** THE DATA follows **

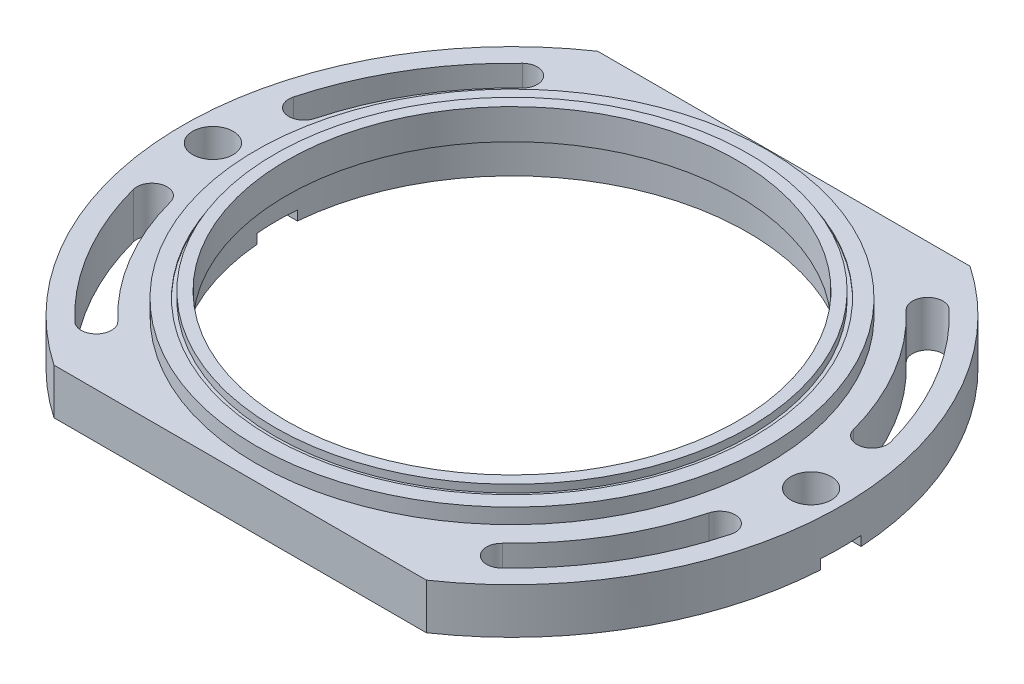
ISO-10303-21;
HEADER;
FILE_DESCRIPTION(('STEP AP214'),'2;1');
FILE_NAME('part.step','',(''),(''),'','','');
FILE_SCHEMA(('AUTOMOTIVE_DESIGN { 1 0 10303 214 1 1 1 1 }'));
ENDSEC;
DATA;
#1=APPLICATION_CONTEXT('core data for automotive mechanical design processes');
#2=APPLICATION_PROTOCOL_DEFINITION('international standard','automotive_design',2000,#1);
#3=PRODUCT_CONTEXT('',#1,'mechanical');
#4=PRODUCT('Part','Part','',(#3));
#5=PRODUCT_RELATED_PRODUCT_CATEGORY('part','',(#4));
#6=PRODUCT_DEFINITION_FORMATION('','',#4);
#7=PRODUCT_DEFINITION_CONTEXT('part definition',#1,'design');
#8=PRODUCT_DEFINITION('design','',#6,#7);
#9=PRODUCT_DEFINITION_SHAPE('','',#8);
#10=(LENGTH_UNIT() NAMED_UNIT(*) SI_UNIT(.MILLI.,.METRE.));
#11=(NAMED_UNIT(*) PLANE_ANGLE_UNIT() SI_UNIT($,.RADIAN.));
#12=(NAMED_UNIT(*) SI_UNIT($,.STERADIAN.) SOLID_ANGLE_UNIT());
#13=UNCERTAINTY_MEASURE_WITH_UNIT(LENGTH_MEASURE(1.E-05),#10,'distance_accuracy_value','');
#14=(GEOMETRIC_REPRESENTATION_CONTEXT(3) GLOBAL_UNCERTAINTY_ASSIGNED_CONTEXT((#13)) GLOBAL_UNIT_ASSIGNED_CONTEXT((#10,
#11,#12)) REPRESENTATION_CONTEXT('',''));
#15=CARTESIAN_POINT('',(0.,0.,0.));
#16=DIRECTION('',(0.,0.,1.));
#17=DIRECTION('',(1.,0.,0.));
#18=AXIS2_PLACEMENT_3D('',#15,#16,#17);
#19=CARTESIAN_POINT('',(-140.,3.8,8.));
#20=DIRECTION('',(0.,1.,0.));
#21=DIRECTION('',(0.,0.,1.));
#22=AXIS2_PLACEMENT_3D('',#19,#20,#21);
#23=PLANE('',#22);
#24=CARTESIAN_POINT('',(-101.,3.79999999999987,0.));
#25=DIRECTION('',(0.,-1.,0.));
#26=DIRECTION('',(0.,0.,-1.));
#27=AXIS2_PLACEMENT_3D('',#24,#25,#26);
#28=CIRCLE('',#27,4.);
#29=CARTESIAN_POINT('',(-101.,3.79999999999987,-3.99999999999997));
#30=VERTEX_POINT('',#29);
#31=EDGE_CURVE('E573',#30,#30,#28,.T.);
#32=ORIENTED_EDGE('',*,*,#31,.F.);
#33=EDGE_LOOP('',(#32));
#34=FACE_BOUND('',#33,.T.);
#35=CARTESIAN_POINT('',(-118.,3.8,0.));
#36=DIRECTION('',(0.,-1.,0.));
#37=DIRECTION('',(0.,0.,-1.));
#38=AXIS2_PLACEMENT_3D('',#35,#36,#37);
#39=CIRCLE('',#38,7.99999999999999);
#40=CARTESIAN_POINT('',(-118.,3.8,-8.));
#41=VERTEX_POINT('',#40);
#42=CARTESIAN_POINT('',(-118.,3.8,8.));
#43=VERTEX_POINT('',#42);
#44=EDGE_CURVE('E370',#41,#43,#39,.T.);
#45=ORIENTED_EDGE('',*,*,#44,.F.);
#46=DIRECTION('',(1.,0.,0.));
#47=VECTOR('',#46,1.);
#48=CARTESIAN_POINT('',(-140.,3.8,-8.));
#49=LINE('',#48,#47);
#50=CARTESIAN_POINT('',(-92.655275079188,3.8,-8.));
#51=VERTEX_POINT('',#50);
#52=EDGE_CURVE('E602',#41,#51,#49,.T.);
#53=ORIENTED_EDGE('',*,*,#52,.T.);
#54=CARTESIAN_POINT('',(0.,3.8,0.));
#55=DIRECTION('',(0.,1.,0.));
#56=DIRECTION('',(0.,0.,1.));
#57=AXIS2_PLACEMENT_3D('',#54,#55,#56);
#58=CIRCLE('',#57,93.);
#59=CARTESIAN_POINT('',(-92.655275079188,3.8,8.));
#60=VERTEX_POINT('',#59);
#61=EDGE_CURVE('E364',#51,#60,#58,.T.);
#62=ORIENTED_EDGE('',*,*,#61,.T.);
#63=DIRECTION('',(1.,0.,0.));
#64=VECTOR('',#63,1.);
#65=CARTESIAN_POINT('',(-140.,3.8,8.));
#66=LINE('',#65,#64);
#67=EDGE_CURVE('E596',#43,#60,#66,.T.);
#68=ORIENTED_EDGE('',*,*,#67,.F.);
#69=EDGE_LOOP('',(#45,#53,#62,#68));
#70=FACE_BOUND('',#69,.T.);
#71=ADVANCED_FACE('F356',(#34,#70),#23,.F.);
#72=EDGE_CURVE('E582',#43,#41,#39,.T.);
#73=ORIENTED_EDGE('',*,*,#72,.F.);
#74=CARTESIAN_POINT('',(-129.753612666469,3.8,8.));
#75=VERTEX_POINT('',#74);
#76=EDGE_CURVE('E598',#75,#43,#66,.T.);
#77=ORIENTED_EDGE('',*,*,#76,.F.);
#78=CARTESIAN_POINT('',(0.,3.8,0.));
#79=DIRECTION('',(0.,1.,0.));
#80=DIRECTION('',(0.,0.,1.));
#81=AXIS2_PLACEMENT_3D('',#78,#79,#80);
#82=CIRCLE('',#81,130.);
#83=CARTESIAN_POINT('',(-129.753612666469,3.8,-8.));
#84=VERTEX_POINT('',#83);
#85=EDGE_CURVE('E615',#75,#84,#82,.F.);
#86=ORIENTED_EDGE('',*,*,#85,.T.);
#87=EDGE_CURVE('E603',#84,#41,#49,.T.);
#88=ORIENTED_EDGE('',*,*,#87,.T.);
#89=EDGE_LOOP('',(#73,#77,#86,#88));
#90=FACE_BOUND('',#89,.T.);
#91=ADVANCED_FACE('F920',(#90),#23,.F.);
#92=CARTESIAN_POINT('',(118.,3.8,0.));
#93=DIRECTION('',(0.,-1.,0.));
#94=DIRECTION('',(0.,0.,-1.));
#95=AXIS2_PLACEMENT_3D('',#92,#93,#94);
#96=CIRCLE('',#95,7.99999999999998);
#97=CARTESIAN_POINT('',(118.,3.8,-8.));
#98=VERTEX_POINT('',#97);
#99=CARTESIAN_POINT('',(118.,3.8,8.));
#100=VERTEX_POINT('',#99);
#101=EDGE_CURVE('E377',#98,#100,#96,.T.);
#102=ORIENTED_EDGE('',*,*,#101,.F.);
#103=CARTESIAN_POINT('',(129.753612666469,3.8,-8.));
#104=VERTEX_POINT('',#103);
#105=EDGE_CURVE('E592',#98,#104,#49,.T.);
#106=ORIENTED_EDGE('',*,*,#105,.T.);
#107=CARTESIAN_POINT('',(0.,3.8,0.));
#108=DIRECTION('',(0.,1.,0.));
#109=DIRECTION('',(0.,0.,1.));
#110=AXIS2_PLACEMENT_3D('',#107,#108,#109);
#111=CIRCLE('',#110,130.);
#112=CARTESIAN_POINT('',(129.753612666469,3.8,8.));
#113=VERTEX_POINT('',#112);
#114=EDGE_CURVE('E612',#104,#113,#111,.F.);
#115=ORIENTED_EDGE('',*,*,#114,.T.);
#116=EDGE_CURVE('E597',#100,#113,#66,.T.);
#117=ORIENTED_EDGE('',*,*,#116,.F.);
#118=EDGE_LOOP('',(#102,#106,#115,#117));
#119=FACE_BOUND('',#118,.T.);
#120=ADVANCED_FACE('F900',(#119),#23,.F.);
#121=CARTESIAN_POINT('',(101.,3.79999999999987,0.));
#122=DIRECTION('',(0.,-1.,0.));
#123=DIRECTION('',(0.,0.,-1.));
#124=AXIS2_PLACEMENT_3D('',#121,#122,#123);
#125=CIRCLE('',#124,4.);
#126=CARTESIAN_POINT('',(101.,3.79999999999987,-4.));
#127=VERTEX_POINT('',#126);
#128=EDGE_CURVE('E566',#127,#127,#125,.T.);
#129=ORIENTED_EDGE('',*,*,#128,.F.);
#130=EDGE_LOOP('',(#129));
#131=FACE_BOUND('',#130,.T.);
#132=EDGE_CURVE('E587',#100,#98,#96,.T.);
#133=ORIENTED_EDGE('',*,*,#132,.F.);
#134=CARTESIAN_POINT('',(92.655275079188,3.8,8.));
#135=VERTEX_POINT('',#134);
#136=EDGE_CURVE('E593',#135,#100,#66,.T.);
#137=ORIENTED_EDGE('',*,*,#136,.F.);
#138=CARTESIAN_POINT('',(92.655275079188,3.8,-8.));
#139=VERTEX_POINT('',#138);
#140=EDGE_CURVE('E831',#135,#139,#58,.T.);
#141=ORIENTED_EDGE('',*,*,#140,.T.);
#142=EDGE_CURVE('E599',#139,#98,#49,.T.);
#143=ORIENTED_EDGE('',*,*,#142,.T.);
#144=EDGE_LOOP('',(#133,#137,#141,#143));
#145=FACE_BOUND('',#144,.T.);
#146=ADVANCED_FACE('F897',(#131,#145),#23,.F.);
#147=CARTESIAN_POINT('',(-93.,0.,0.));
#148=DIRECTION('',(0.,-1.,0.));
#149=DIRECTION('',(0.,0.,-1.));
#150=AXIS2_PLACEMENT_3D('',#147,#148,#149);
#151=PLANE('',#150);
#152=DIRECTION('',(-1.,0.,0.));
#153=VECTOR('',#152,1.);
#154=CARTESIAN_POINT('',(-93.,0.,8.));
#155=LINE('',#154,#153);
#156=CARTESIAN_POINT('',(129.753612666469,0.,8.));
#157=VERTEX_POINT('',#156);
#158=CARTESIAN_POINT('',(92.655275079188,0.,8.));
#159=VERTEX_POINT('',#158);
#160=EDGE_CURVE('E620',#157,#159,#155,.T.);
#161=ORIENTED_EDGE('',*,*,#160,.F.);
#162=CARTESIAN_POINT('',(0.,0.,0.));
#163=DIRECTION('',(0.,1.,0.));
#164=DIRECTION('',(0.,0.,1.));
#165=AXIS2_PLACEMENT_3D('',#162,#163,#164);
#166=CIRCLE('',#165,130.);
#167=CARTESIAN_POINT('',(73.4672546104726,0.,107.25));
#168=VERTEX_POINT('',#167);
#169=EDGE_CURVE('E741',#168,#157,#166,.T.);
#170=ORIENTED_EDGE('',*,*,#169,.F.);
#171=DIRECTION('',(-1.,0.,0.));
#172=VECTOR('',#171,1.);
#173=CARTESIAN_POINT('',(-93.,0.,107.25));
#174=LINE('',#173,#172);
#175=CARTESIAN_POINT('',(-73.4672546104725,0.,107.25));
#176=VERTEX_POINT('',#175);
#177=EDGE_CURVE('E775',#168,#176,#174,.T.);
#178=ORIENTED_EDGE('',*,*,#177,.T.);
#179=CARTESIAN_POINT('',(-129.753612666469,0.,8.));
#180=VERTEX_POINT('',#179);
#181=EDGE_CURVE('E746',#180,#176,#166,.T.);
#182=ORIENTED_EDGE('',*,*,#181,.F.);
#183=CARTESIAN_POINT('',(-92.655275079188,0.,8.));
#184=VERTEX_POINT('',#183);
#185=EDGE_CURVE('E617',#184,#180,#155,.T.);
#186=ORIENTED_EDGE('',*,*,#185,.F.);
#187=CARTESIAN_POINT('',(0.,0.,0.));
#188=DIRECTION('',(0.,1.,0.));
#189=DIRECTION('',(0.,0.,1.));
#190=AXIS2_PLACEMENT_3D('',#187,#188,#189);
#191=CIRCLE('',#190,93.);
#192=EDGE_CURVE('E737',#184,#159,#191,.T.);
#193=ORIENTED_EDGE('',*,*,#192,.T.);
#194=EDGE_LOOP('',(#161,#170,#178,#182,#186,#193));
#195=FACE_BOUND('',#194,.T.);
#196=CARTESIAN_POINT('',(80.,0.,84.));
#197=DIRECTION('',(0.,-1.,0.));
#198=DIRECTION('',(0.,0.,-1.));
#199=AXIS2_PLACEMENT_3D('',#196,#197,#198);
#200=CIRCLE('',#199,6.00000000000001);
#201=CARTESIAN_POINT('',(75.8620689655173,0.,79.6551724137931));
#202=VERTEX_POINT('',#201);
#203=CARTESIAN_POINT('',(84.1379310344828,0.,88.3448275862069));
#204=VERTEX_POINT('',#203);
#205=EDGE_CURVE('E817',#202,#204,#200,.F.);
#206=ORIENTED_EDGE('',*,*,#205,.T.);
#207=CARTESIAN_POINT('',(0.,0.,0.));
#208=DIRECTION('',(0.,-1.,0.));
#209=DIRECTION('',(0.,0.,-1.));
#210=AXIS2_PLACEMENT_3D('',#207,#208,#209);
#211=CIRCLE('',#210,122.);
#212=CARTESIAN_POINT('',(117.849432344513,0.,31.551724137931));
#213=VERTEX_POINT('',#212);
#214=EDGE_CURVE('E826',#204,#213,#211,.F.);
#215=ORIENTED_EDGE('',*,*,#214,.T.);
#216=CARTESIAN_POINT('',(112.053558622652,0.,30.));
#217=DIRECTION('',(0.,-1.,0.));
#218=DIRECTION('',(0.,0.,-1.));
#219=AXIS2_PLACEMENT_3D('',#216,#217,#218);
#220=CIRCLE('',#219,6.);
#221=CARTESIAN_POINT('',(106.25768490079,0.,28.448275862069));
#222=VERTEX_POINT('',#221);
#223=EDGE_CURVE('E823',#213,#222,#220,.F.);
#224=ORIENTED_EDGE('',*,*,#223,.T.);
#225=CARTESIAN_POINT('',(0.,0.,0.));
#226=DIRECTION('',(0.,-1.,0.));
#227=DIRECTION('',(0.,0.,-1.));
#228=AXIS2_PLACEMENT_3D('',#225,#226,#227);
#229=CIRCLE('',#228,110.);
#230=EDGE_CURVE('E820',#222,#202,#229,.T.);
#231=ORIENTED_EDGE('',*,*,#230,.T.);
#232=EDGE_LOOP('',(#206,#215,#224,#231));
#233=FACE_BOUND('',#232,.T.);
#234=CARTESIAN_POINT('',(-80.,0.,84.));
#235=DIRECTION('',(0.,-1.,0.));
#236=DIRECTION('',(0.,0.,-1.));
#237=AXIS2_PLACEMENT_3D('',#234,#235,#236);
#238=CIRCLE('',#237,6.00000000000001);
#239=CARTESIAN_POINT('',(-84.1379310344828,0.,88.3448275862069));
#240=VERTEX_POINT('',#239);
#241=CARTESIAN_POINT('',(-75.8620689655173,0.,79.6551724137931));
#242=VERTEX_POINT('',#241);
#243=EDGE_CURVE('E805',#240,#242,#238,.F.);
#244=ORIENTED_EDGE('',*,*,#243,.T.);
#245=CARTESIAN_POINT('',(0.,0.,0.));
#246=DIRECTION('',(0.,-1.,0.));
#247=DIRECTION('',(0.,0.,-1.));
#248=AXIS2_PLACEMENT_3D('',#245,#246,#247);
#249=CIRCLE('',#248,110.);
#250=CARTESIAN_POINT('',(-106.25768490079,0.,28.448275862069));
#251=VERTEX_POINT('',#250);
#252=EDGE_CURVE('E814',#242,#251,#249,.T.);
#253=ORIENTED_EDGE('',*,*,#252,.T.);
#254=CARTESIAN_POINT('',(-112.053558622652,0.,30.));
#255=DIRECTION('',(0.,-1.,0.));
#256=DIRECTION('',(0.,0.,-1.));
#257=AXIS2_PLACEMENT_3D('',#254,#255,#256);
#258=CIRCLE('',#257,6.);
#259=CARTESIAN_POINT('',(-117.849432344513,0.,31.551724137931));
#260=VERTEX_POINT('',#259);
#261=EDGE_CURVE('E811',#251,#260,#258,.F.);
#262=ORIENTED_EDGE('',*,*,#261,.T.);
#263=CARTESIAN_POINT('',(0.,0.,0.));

** End of THE DATA **

GOAL OF THE EXERCISE: Of all the entries above, repeat only the lines from the line that has "#71=ADVANCED_FACE('F356',(#34,#70),#23,.F.);" to the line that has "#126=CARTESIAN_POINT('',(101.,3.79999999999987,-4.));", both lines included, exactly.

SOLUTION TO THIS TASK:
#71=ADVANCED_FACE('F356',(#34,#70),#23,.F.);
#72=EDGE_CURVE('E582',#43,#41,#39,.T.);
#73=ORIENTED_EDGE('',*,*,#72,.F.);
#74=CARTESIAN_POINT('',(-129.753612666469,3.8,8.));
#75=VERTEX_POINT('',#74);
#76=EDGE_CURVE('E598',#75,#43,#66,.T.);
#77=ORIENTED_EDGE('',*,*,#76,.F.);
#78=CARTESIAN_POINT('',(0.,3.8,0.));
#79=DIRECTION('',(0.,1.,0.));
#80=DIRECTION('',(0.,0.,1.));
#81=AXIS2_PLACEMENT_3D('',#78,#79,#80);
#82=CIRCLE('',#81,130.);
#83=CARTESIAN_POINT('',(-129.753612666469,3.8,-8.));
#84=VERTEX_POINT('',#83);
#85=EDGE_CURVE('E615',#75,#84,#82,.F.);
#86=ORIENTED_EDGE('',*,*,#85,.T.);
#87=EDGE_CURVE('E603',#84,#41,#49,.T.);
#88=ORIENTED_EDGE('',*,*,#87,.T.);
#89=EDGE_LOOP('',(#73,#77,#86,#88));
#90=FACE_BOUND('',#89,.T.);
#91=ADVANCED_FACE('F920',(#90),#23,.F.);
#92=CARTESIAN_POINT('',(118.,3.8,0.));
#93=DIRECTION('',(0.,-1.,0.));
#94=DIRECTION('',(0.,0.,-1.));
#95=AXIS2_PLACEMENT_3D('',#92,#93,#94);
#96=CIRCLE('',#95,7.99999999999998);
#97=CARTESIAN_POINT('',(118.,3.8,-8.));
#98=VERTEX_POINT('',#97);
#99=CARTESIAN_POINT('',(118.,3.8,8.));
#100=VERTEX_POINT('',#99);
#101=EDGE_CURVE('E377',#98,#100,#96,.T.);
#102=ORIENTED_EDGE('',*,*,#101,.F.);
#103=CARTESIAN_POINT('',(129.753612666469,3.8,-8.));
#104=VERTEX_POINT('',#103);
#105=EDGE_CURVE('E592',#98,#104,#49,.T.);
#106=ORIENTED_EDGE('',*,*,#105,.T.);
#107=CARTESIAN_POINT('',(0.,3.8,0.));
#108=DIRECTION('',(0.,1.,0.));
#109=DIRECTION('',(0.,0.,1.));
#110=AXIS2_PLACEMENT_3D('',#107,#108,#109);
#111=CIRCLE('',#110,130.);
#112=CARTESIAN_POINT('',(129.753612666469,3.8,8.));
#113=VERTEX_POINT('',#112);
#114=EDGE_CURVE('E612',#104,#113,#111,.F.);
#115=ORIENTED_EDGE('',*,*,#114,.T.);
#116=EDGE_CURVE('E597',#100,#113,#66,.T.);
#117=ORIENTED_EDGE('',*,*,#116,.F.);
#118=EDGE_LOOP('',(#102,#106,#115,#117));
#119=FACE_BOUND('',#118,.T.);
#120=ADVANCED_FACE('F900',(#119),#23,.F.);
#121=CARTESIAN_POINT('',(101.,3.79999999999987,0.));
#122=DIRECTION('',(0.,-1.,0.));
#123=DIRECTION('',(0.,0.,-1.));
#124=AXIS2_PLACEMENT_3D('',#121,#122,#123);
#125=CIRCLE('',#124,4.);
#126=CARTESIAN_POINT('',(101.,3.79999999999987,-4.));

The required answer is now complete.